ユーザー別の被害では、サービスプロバイダーの53%で毎月21件以上の攻撃があり、前年比で44%の増加となった。また、企業・政府・教育機関の回答者の45%が、毎月10件以上の攻撃を体験したと答えており、前年比で17%の増加となった。さらにデータセンター事業者で毎月50件以上の攻撃があると回答したのは2016年はわずか8%だったが、今回は21%となった。
また攻撃の複雑性について、同レポートでは、被害者のインフラのさまざまな面を標的とするマルチベクトル型攻撃の増加も指摘している。サービスプロバイダーの67%、企業・政府・教育機関の40%が、マルチベクトル型攻撃を受けたと答えている。特に、サービスプロバイダーへの攻撃は増加しており、マルチベクトル型攻撃を受けたとするサービスプロバイダーの割合は、2015年は56%、2014年は42%だった。

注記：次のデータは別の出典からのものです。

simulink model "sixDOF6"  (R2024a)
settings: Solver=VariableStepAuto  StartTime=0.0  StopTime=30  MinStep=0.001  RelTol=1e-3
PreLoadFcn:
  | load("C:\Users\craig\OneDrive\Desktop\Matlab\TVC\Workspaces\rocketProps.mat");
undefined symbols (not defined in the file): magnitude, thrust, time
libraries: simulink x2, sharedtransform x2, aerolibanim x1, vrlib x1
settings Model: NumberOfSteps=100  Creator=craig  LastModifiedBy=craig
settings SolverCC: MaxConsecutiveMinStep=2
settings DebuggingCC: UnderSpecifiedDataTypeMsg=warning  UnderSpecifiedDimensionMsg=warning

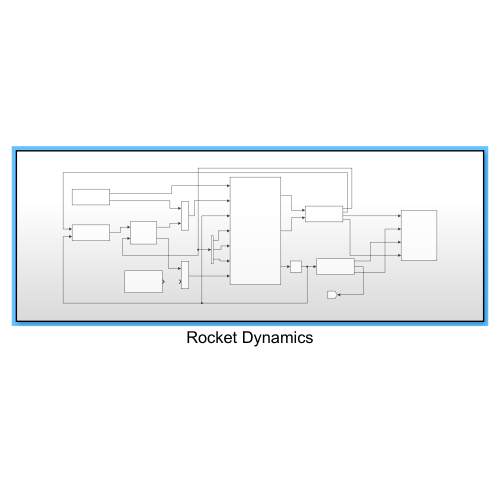
[thumbnail: Simulink's stored preview of the top-level diagram]
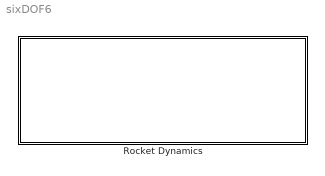
== system sixDOF6 ==
  Rocket Dynamics : Subsystem

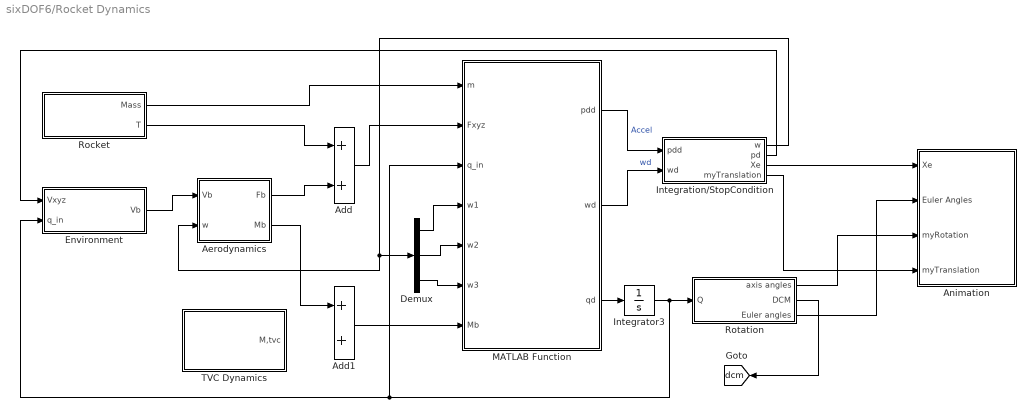
== system sixDOF6/Rocket Dynamics ==
  Add : Sum
  Add1 : Sum
  Aerodynamics : Subsystem
  Animation : Subsystem
  Demux : Demux  Outputs=3
  Environment : Subsystem
  Integration/StopCondition : Subsystem
  Integrator3 : Integrator  InitialCondition=[1; 0; 0; 0]
  MATLAB Function : MATLAB Function  TreatAsAtomicUnit=on
  Rocket : Subsystem
  Rotation : Subsystem
  TVC Dynamics : Subsystem
  tag scope: dcm=global
  wires:
  Integrator3/1 -> MATLAB Function/3(q_in), Environment/2(q_in), Rotation/1(Q)
  Add/1 -> MATLAB Function/2(Fxyz)
  Demux/1 -> MATLAB Function/4(w1)
  Environment/1("Vb ") -> Aerodynamics/1(Vb)
  Demux/3 -> MATLAB Function/6(w3)
  Aerodynamics/2(Mb) -> Add1/1
  Demux/2 -> MATLAB Function/5(w2)
  MATLAB Function/3(qd) -> Integrator3/1
  Rocket/2(T) -> Add/1
  Rocket/1(Mass) -> MATLAB Function/1(m)
  Aerodynamics/1(Fb) -> Add/2
  Rotation/2(DCM) -> [dcm]
  Add1/1 -> MATLAB Function/7(Mb)
  MATLAB Function/2(wd) -> Integration/StopCondition/2(wd)  "wd"
  Integration/StopCondition/1(w) -> Aerodynamics/2(w), Demux/1
  MATLAB Function/1(pdd) -> Integration/StopCondition/1(pdd)  "Accel"
  Integration/StopCondition/2(pd) -> Environment/1(Vxyz)
  Integration/StopCondition/3(Xe) -> Animation/1(Xe)
  Rotation/3(Euler angles) -> Animation/2(Euler Angles)
  Rotation/1(axis angles) -> Animation/3(myRotation)
  Integration/StopCondition/4(myTranslation) -> Animation/4(myTranslation)

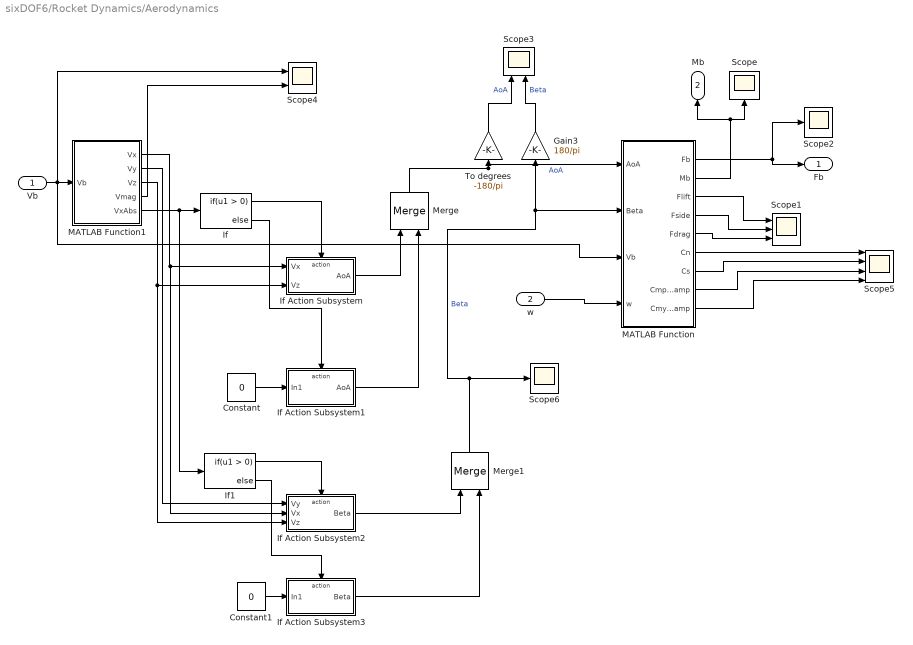
== system sixDOF6/Rocket Dynamics/Aerodynamics ==
  Vb : Inport
  w : Inport  Port=2
  Constant : Constant  Value=0
  Constant1 : Constant  Value=0
  Gain3 : Gain  Gain=180/pi
  If : If
  If Action Subsystem : Subsystem  TreatAsAtomicUnit=on
  If Action Subsystem1 : Subsystem  TreatAsAtomicUnit=on
  If Action Subsystem2 : Subsystem  TreatAsAtomicUnit=on
  If Action Subsystem3 : Subsystem  TreatAsAtomicUnit=on
  If1 : If
  MATLAB Function : MATLAB Function  TreatAsAtomicUnit=on
  MATLAB Function1 : MATLAB Function  TreatAsAtomicUnit=on
  Merge : Merge
  Merge1 : Merge
  Scope : Scope
  Scope1 : Scope  NumInputPorts=3
  Scope2 : Scope
  Scope3 : Scope  NumInputPorts=2
  Scope4 : Scope  NumInputPorts=2
  Scope5 : Scope  NumInputPorts=4
  Scope6 : Scope
  To degrees : Gain  Gain=-180/pi
  Fb : Outport
  Mb : Outport  Port=2
  wires:
  MATLAB Function/3(Flift) -> Scope1/1
  MATLAB Function/2(Mb) -> Scope/1, Mb/1
  MATLAB Function/1(Fb) -> Scope2/1, Fb/1
  MATLAB Function/5(Fdrag) -> Scope1/3
  Vb/1 -> Scope4/1, MATLAB Function/3(Vb), MATLAB Function1/1(Vb)
  If/2 -> If Action Subsystem1/Action
  Constant/1 -> If Action Subsystem1/1(In1)
  MATLAB Function1/1(Vx) -> If Action Subsystem2/2(Vx), If Action Subsystem/1(Vx)
  MATLAB Function1/3(Vz) -> If Action Subsystem2/3(Vz), If Action Subsystem/2(Vz)
  If/1 -> If Action Subsystem/Action
  If Action Subsystem/1(AoA) -> Merge/1
  If Action Subsystem1/1(AoA) -> Merge/2
  MATLAB Function1/2(Vy) -> If Action Subsystem2/1(Vy)
  Constant1/1 -> If Action Subsystem3/1(In1)
  If Action Subsystem2/1(Beta) -> Merge1/1
  If Action Subsystem3/1(Beta) -> Merge1/2
  If1/2 -> If Action Subsystem3/Action
  If1/1 -> If Action Subsystem2/Action
  MATLAB Function/4(Fside) -> Scope1/2
  Merge1/1 -> Scope6/1, Gain3/1, MATLAB Function/2(Beta)  "Beta"
  Merge/1 -> To degrees/1, MATLAB Function/1(AoA)  "AoA"
  MATLAB Function/6(Cn) -> Scope5/1
  MATLAB Function/7(Cs) -> Scope5/2
  Gain3/1 -> Scope3/2  "Beta"
  To degrees/1 -> Scope3/1  "AoA"
  MATLAB Function1/4(Vmag) -> Scope4/2
  MATLAB Function1/5(VxAbs) -> If1/1, If/1
  w/1 -> MATLAB Function/4(w)
  MATLAB Function/8(CmpDamp) -> Scope5/3
  MATLAB Function/9(CmyDamp) -> Scope5/4

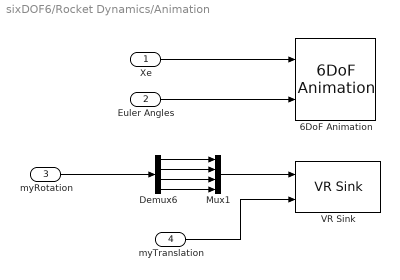
== system sixDOF6/Rocket Dynamics/Animation ==
  Xe : Inport
  Euler Angles : Inport  Port=2
  myRotation : Inport  Port=3
  myTranslation : Inport  Port=4
  6DoF Animation : aerolibanim/6DoF Animation  u1=[0 4000 -2000 2000 -5000 -3000]  u2=0.1  u3=100  u4=[4000 0 -5000]  u5=Fixed position  u6=[2000 500 -3150]  u7=10  u8=on
  Demux6 : Demux
  Mux1 : Mux
  VR Sink : vrlib/VR Sink  InstantiateOnLoad=on  SampleTime=0.1  ViewEnable=on  RemoteChange=off  RemoteView=off  FieldsWritten=MyTransform.rotation.4.1.1.double#MyTransform.translation.3.1.1.double  WorldFileName=C:\Users\craig\OneDrive\Desktop\Matlab\TVC\Animations\BestViewpoint.wrl  AutoView=off  VideoDimensions=[]  AllowVariableSize=off
  wires:
  Xe/1 -> 6DoF Animation/1
  Demux6/1 -> Mux1/1
  Demux6/3 -> Mux1/3
  myTranslation/1 -> VR Sink/2
  Demux6/2 -> Mux1/2
  Mux1/1 -> VR Sink/1
  myRotation/1 -> Demux6/1
  Demux6/4 -> Mux1/4
  Euler Angles/1 -> 6DoF Animation/2

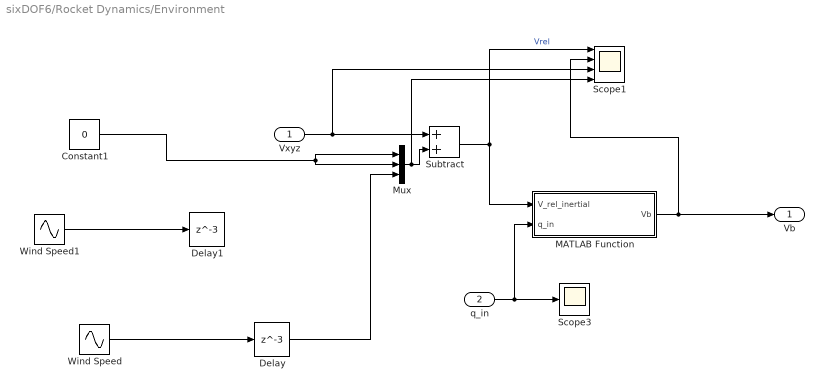
== system sixDOF6/Rocket Dynamics/Environment ==
  Vxyz : Inport
  q_in : Inport  Port=2
  Constant1 : Constant  Value=0
  Delay : Delay  DelayLength=3
  Delay1 : Delay  DelayLength=3
  MATLAB Function : MATLAB Function  TreatAsAtomicUnit=on
  Mux : Mux  Inputs=3
  Scope1 : Scope  NumInputPorts=4
  Scope3 : Scope
  Subtract : Sum
  Wind Speed : Sin  Amplitude=0.5  Bias=5  Frequency=2*pi*0.25  SampleTime=0
  Wind Speed1 : Sin  Amplitude=0.5  Bias=5  Frequency=2*pi*0.25  SampleTime=0
  "Vb " : Outport
  wires:
  Subtract/1 -> Scope1/1, MATLAB Function/1(V_rel_inertial)  "Vrel"
  Vxyz/1 -> Subtract/1, Scope1/3
  MATLAB Function/1(Vb) -> "Vb "/1, Scope1/2
  Constant1/1 -> Mux/1, Mux/2
  q_in/1 -> MATLAB Function/2(q_in), Scope3/1
  Mux/1 -> Scope1/4, Subtract/2
  Wind Speed1/1 -> Delay1/1
  Wind Speed/1 -> Delay/1
  Delay/1 -> Mux/3

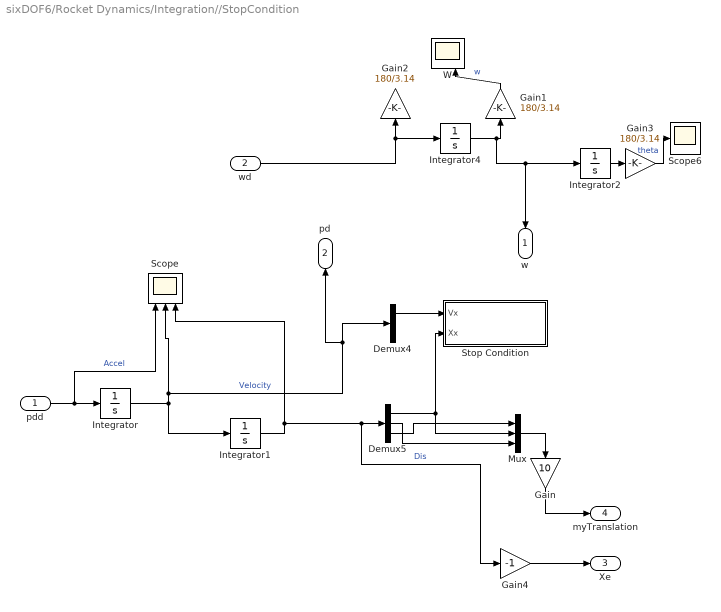
== system sixDOF6/Rocket Dynamics/Integration//StopCondition ==
  pdd : Inport
  wd : Inport  Port=2
  Demux4 : Demux  Outputs=3
  Demux5 : Demux  Outputs=3
  Gain : Gain  Gain=10
  Gain1 : Gain  Gain=180/3.14
  Gain2 : Gain  Gain=180/3.14
  Gain3 : Gain  Gain=180/3.14
  Gain4 : Gain  Gain=-1
  Integrator{,1..2,4} (4 alike) : Integrator  InitialCondition=[0; 0; 0]
  Mux : Mux  Inputs=3
  Scope : Scope  NumInputPorts=3
  Scope6 : Scope
  Stop Condition : Subsystem
  W : Scope  NumInputPorts=2
  w : Outport
  pd : Outport  Port=2
  Xe : Outport  Port=3
  myTranslation : Outport  Port=4
  wires:
  wd/1 -> Integrator4/1, Gain2/1
  Integrator2/1 -> Gain3/1
  Integrator4/1 -> w/1, Integrator2/1, Gain1/1
  Gain1/1 -> W/2  "w"
  Gain3/1 -> Scope6/1  "theta"
  Integrator/1 -> Integrator1/1, Demux4/1, pd/1, Scope/2  "Velocity"
  Demux5/3 -> Mux/1
  Demux5/2 -> Mux/3
  Demux4/1 -> Stop Condition/1(Vx)
  pdd/1 -> Scope/1, Integrator/1  "Accel"
  Gain4/1 -> Xe/1
  Integrator1/1 -> Scope/3, Gain4/1, Demux5/1  "Dis"
  Gain/1 -> myTranslation/1
  Mux/1 -> Gain/1
  Demux5/1 -> Stop Condition/2(Xx), Mux/2

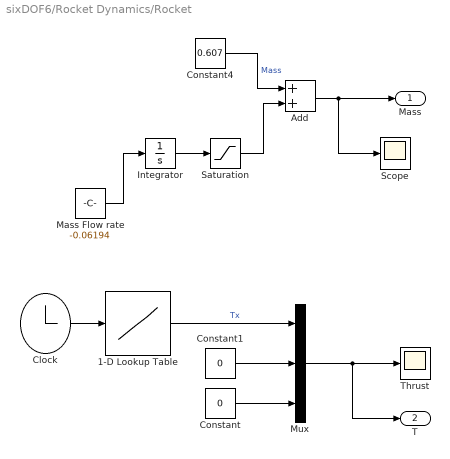
== system sixDOF6/Rocket Dynamics/Rocket ==
  1-D Lookup Table : Lookup_n-D  NumberOfTableDimensions=1  BreakpointsForDimension1=time  Table=thrust  TableMin=[0]  TableDataTypeStr=Inherit: Inherit from 'Table data'  ExtrapMethod=Clip  UseLastTableValue=on  InternalRulePriority=Speed  RndMeth=Simplest
  Add : Sum
  Clock : Clock
      settings: Decimation=100
  Constant : Constant  Value=0
  Constant1 : Constant  Value=0
  Constant4 : Constant  Value=0.607
  Integrator : Integrator  InitialCondition=0.188
  Mass Flow rate : Constant  Value=-0.06194
  Mux : Mux  Inputs=3
  Saturation : Saturate  LowerLimit=0.105
  Scope : Scope
  Thrust : Scope
  Mass : Outport
  T : Outport  Port=2
  wires:
  Clock/1 -> 1-D Lookup Table/1
  Constant1/1 -> Mux/2
  Mux/1 -> T/1, Thrust/1
  Constant4/1 -> Add/1  "Mass"
  Add/1 -> Scope/1, Mass/1
  1-D Lookup Table/1 -> Mux/1  "Tx"
  Constant/1 -> Mux/3
  Mass Flow rate/1 -> Integrator/1
  Integrator/1 -> Saturation/1
  Saturation/1 -> Add/2

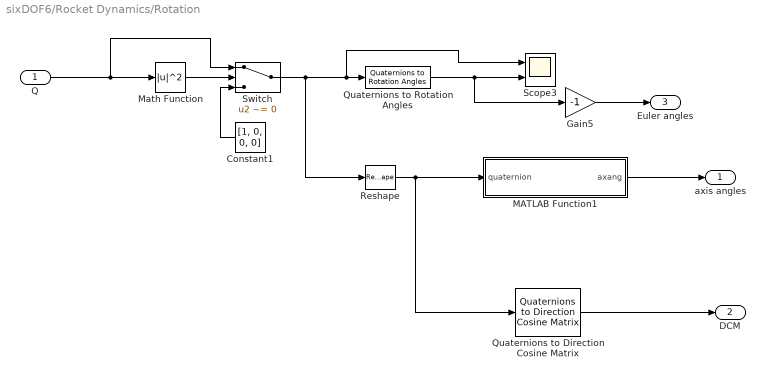
== system sixDOF6/Rocket Dynamics/Rotation ==
  Q : Inport
  Constant1 : Constant  Value=[1, 0, 0, 0]
  Gain5 : Gain  Gain=-1
  MATLAB Function1 : MATLAB Function  TreatAsAtomicUnit=on
  Math Function : Math  Operator=magnitude^2
  Quaternions to Direction Cosine Matrix : sharedtransform/Quaternions to  Direction Cosine Matrix  aMode=aMode
      settings: LibrarySourceBlock=|
      | aerolibtransform2/Quaternions to
      | Direction Cosine Matrix
  Quaternions to Rotation Angles : sharedtransform/Quaternions to Rotation Angles  rotationOrder=XYZ  aMode=aMode
  Reshape : Reshape  OutputDimensionality=Customize  OutputDimensions=[1,4]
  Scope3 : Scope  NumInputPorts=2
  Switch : Switch  Criteria=u2 ~= 0  SaturateOnIntegerOverflow=off  InputSameDT=off
  axis angles : Outport
  DCM : Outport  Port=2
  Euler angles : Outport  Port=3
  wires:
  Constant1/1 -> Switch/3
  Quaternions to Rotation Angles/1 -> Gain5/1, Scope3/2
  Switch/1 -> Reshape/1, Scope3/1, Quaternions to Rotation Angles/1
  Math Function/1 -> Switch/2
  Q/1 -> Switch/1, Math Function/1
  MATLAB Function1/1(axang) -> axis angles/1
  Reshape/1 -> Quaternions to Direction Cosine Matrix/1, MATLAB Function1/1(quaternion)
  Quaternions to Direction Cosine Matrix/1 -> DCM/1
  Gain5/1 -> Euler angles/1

DDoS攻撃による被害額については、データセンターとクラウドプロバイダーの回答者の4分の1近くが10万ドル以上、5%が100万ドル以上と答えている。また、61%がデータセンター帯域を完全に飽和状態にさせる攻撃を受けたと答えている。
また、企業・政府・教育機関の回答者の41%が、組織のインターネット総容量を超えるDDoS攻撃を受けたと回答しており、約60%がダウンタイムのコストを毎分500ドル以上と試算している。
同調査は、2015年11月から2016年10月までのデータを対象としている。回答者の3分の2はセキュリティ、ネットワーク、運用の専門家で、世界のTier1、Tier2/Tier3サービスプロバイダー、ホスティング事業者、モバイル事業者、エンタープライズとその他のネットワーク事業者で構成されている。